Listen to your elders! Hikermor nailed it!

Originally Posted By: hikermor
Originally Posted By: Jeanette_Isabelle
Our gated community has a gun club. That gun club has a little more than a hundred members. I know who to turn to when we have a major disaster.

Jeanette Isabelle

Well, that depends on the disaster. Gun ownership and ability is irrelevant to many disasters, while undeniably useful in some. Capable medical expertise is probably a more generally useful skill.

Let me be clear. I have been a gun owner and user for all of my adolescent and adult life, currently in possession of several firearms and trained at various times by my father, the US Army, and federal law enforcement.

In my lifetime, there have been exactly two occasions where I was glad to have my 357 with me, though thankfully, I did not have to fire. On one occasion, I did indeed discharge a firearm, using a line gun to deploy a line across a flooded stream to rescue two ladies.

On the other hand, I have lost count of the occasions on which I have rendered significant first aid (not counting scratches and boo-boos) to total strangers, friends and colleagues, or close family members.

If you want to prepare for life's more stressful scenarios, firearms training is actually pretty far down the list, but not completely irrelevant.
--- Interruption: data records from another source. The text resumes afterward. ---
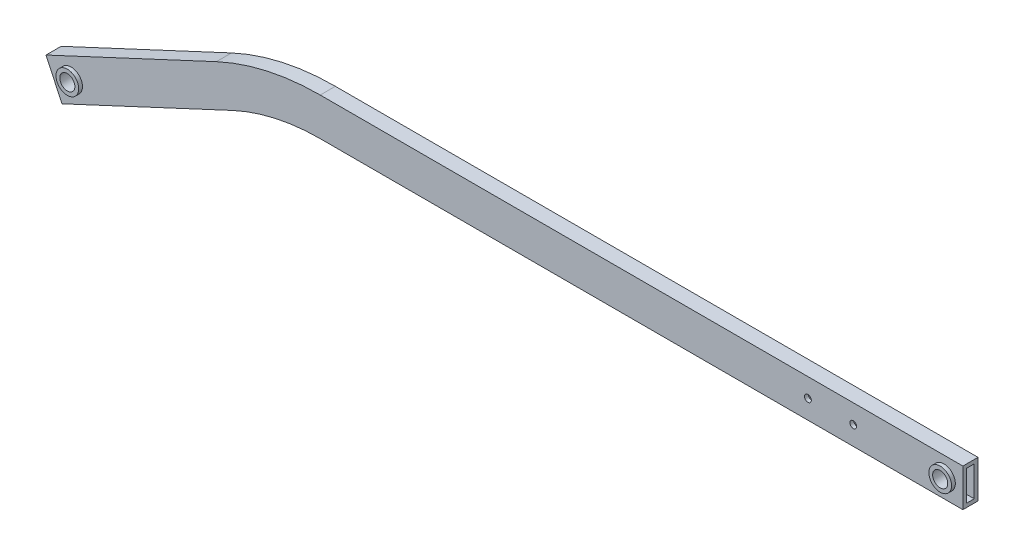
ISO-10303-21;
HEADER;
FILE_DESCRIPTION(('STEP AP214'),'2;1');
FILE_NAME('part.step','',(''),(''),'','','');
FILE_SCHEMA(('AUTOMOTIVE_DESIGN { 1 0 10303 214 1 1 1 1 }'));
ENDSEC;
DATA;
#1=APPLICATION_CONTEXT('core data for automotive mechanical design processes');
#2=APPLICATION_PROTOCOL_DEFINITION('international standard','automotive_design',2000,#1);
#3=PRODUCT_CONTEXT('',#1,'mechanical');
#4=PRODUCT('Part','Part','',(#3));
#5=PRODUCT_RELATED_PRODUCT_CATEGORY('part','',(#4));
#6=PRODUCT_DEFINITION_FORMATION('','',#4);
#7=PRODUCT_DEFINITION_CONTEXT('part definition',#1,'design');
#8=PRODUCT_DEFINITION('design','',#6,#7);
#9=PRODUCT_DEFINITION_SHAPE('','',#8);
#10=(LENGTH_UNIT() NAMED_UNIT(*) SI_UNIT(.MILLI.,.METRE.));
#11=(NAMED_UNIT(*) PLANE_ANGLE_UNIT() SI_UNIT($,.RADIAN.));
#12=(NAMED_UNIT(*) SI_UNIT($,.STERADIAN.) SOLID_ANGLE_UNIT());
#13=UNCERTAINTY_MEASURE_WITH_UNIT(LENGTH_MEASURE(1.E-05),#10,'distance_accuracy_value','');
#14=(GEOMETRIC_REPRESENTATION_CONTEXT(3) GLOBAL_UNCERTAINTY_ASSIGNED_CONTEXT((#13)) GLOBAL_UNIT_ASSIGNED_CONTEXT((#10,
#11,#12)) REPRESENTATION_CONTEXT('',''));
#15=CARTESIAN_POINT('',(0.,0.,0.));
#16=DIRECTION('',(0.,0.,1.));
#17=DIRECTION('',(1.,0.,0.));
#18=AXIS2_PLACEMENT_3D('',#15,#16,#17);
#19=CARTESIAN_POINT('',(-987.350935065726,-5.44996921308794,10.));
#20=DIRECTION('',(0.422618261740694,-0.906307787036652,0.));
#21=DIRECTION('',(0.906307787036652,0.422618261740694,0.));
#22=AXIS2_PLACEMENT_3D('',#19,#20,#21);
#23=PLANE('',#22);
#24=DIRECTION('',(0.,0.,1.));
#25=VECTOR('',#24,1.);
#26=CARTESIAN_POINT('',(-987.350935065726,-5.44996921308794,10.));
#27=LINE('',#26,#25);
#28=CARTESIAN_POINT('',(-987.350935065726,-5.44996921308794,-10.));
#29=VERTEX_POINT('',#28);
#30=CARTESIAN_POINT('',(-987.350935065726,-5.44996921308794,10.));
#31=VERTEX_POINT('',#30);
#32=EDGE_CURVE('E223',#29,#31,#27,.T.);
#33=ORIENTED_EDGE('',*,*,#32,.F.);
#34=DIRECTION('',(-0.906307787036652,-0.422618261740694,0.));
#35=VECTOR('',#34,1.);
#36=CARTESIAN_POINT('',(-987.350935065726,-5.44996921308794,-10.));
#37=LINE('',#36,#35);
#38=CARTESIAN_POINT('',(-1212.71545654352,-110.539171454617,-10.));
#39=VERTEX_POINT('',#38);
#40=EDGE_CURVE('E35',#29,#39,#37,.T.);
#41=ORIENTED_EDGE('',*,*,#40,.T.);
#42=DIRECTION('',(0.,0.,1.));
#43=VECTOR('',#42,1.);
#44=CARTESIAN_POINT('',(-1212.71545654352,-110.539171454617,10.));
#45=LINE('',#44,#43);
#46=CARTESIAN_POINT('',(-1212.71545654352,-110.539171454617,10.));
#47=VERTEX_POINT('',#46);
#48=EDGE_CURVE('E43',#39,#47,#45,.T.);
#49=ORIENTED_EDGE('',*,*,#48,.T.);
#50=DIRECTION('',(-0.906307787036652,-0.422618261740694,0.));
#51=VECTOR('',#50,1.);
#52=CARTESIAN_POINT('',(-987.350935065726,-5.44996921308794,10.));
#53=LINE('',#52,#51);
#54=EDGE_CURVE('E11',#31,#47,#53,.T.);
#55=ORIENTED_EDGE('',*,*,#54,.F.);
#56=EDGE_LOOP('',(#33,#41,#49,#55));
#57=FACE_BOUND('',#56,.T.);
#58=ADVANCED_FACE('F27',(#57),#23,.F.);
#59=CARTESIAN_POINT('',(-966.220021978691,-50.7653585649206,10.));
#60=DIRECTION('',(-0.422618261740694,0.906307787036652,0.));
#61=DIRECTION('',(-0.906307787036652,-0.422618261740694,0.));
#62=AXIS2_PLACEMENT_3D('',#59,#60,#61);
#63=PLANE('',#62);
#64=DIRECTION('',(0.,0.,-1.));
#65=VECTOR('',#64,1.);
#66=CARTESIAN_POINT('',(-966.220021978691,-50.7653585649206,10.));
#67=LINE('',#66,#65);
#68=CARTESIAN_POINT('',(-966.220021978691,-50.7653585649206,10.));
#69=VERTEX_POINT('',#68);
#70=CARTESIAN_POINT('',(-966.220021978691,-50.7653585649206,-10.));
#71=VERTEX_POINT('',#70);
#72=EDGE_CURVE('E220',#69,#71,#67,.T.);
#73=ORIENTED_EDGE('',*,*,#72,.F.);
#74=DIRECTION('',(-0.906307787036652,-0.422618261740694,0.));
#75=VECTOR('',#74,1.);
#76=CARTESIAN_POINT('',(-966.220021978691,-50.7653585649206,10.));
#77=LINE('',#76,#75);
#78=CARTESIAN_POINT('',(-1191.58454345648,-155.85456080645,10.));
#79=VERTEX_POINT('',#78);
#80=EDGE_CURVE('E268',#69,#79,#77,.T.);
#81=ORIENTED_EDGE('',*,*,#80,.T.);
#82=DIRECTION('',(0.,0.,-1.));
#83=VECTOR('',#82,1.);
#84=CARTESIAN_POINT('',(-1191.58454345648,-155.85456080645,10.));
#85=LINE('',#84,#83);
#86=CARTESIAN_POINT('',(-1191.58454345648,-155.85456080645,-10.));
#87=VERTEX_POINT('',#86);
#88=EDGE_CURVE('E263',#79,#87,#85,.T.);
#89=ORIENTED_EDGE('',*,*,#88,.T.);
#90=DIRECTION('',(-0.906307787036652,-0.422618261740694,0.));
#91=VECTOR('',#90,1.);
#92=CARTESIAN_POINT('',(-966.220021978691,-50.7653585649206,-10.));
#93=LINE('',#92,#91);
#94=EDGE_CURVE('E281',#71,#87,#93,.T.);
#95=ORIENTED_EDGE('',*,*,#94,.F.);
#96=EDGE_LOOP('',(#73,#81,#89,#95));
#97=FACE_BOUND('',#96,.T.);
#98=ADVANCED_FACE('F382',(#97),#63,.F.);
#99=CARTESIAN_POINT('',(-968.333113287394,-46.2338196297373,5.));
#100=DIRECTION('',(-0.422618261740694,0.906307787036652,0.));
#101=DIRECTION('',(-0.906307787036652,-0.422618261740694,0.));
#102=AXIS2_PLACEMENT_3D('',#99,#100,#101);
#103=PLANE('',#102);
#104=DIRECTION('',(0.,0.,-1.));
#105=VECTOR('',#104,1.);
#106=CARTESIAN_POINT('',(-968.333113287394,-46.2338196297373,5.));
#107=LINE('',#106,#105);
#108=CARTESIAN_POINT('',(-968.333113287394,-46.2338196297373,5.));
#109=VERTEX_POINT('',#108);
#110=CARTESIAN_POINT('',(-968.333113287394,-46.2338196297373,-5.));
#111=VERTEX_POINT('',#110);
#112=EDGE_CURVE('E217',#109,#111,#107,.T.);
#113=ORIENTED_EDGE('',*,*,#112,.T.);
#114=DIRECTION('',(-0.906307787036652,-0.422618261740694,0.));
#115=VECTOR('',#114,1.);
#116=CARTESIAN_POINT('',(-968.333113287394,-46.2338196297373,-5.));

It is probably more important to know how to change a tire or check the oil on your vehicle.

We are social critters, and therein lies our strength. We typically band together and cooperate when faced with a problem - the recent Thai cave rescue comes to mind, along with many other more mundane examples.

I will begin a recent book on the Thai Cave Rescue as soon as Mrs. Hikermor is finished with it. It is a stunning example of community cooperation, overcoming obstacles of cultural and language differences, logistical problems, and mind boggling technical obstacles to achieve success.

Dealing with the typical fire and earthquake is pretty trivial, by comparison.

While one needs reliable equipment, cooperation, communication, and social skills are much more important that the light mounted on your firearm.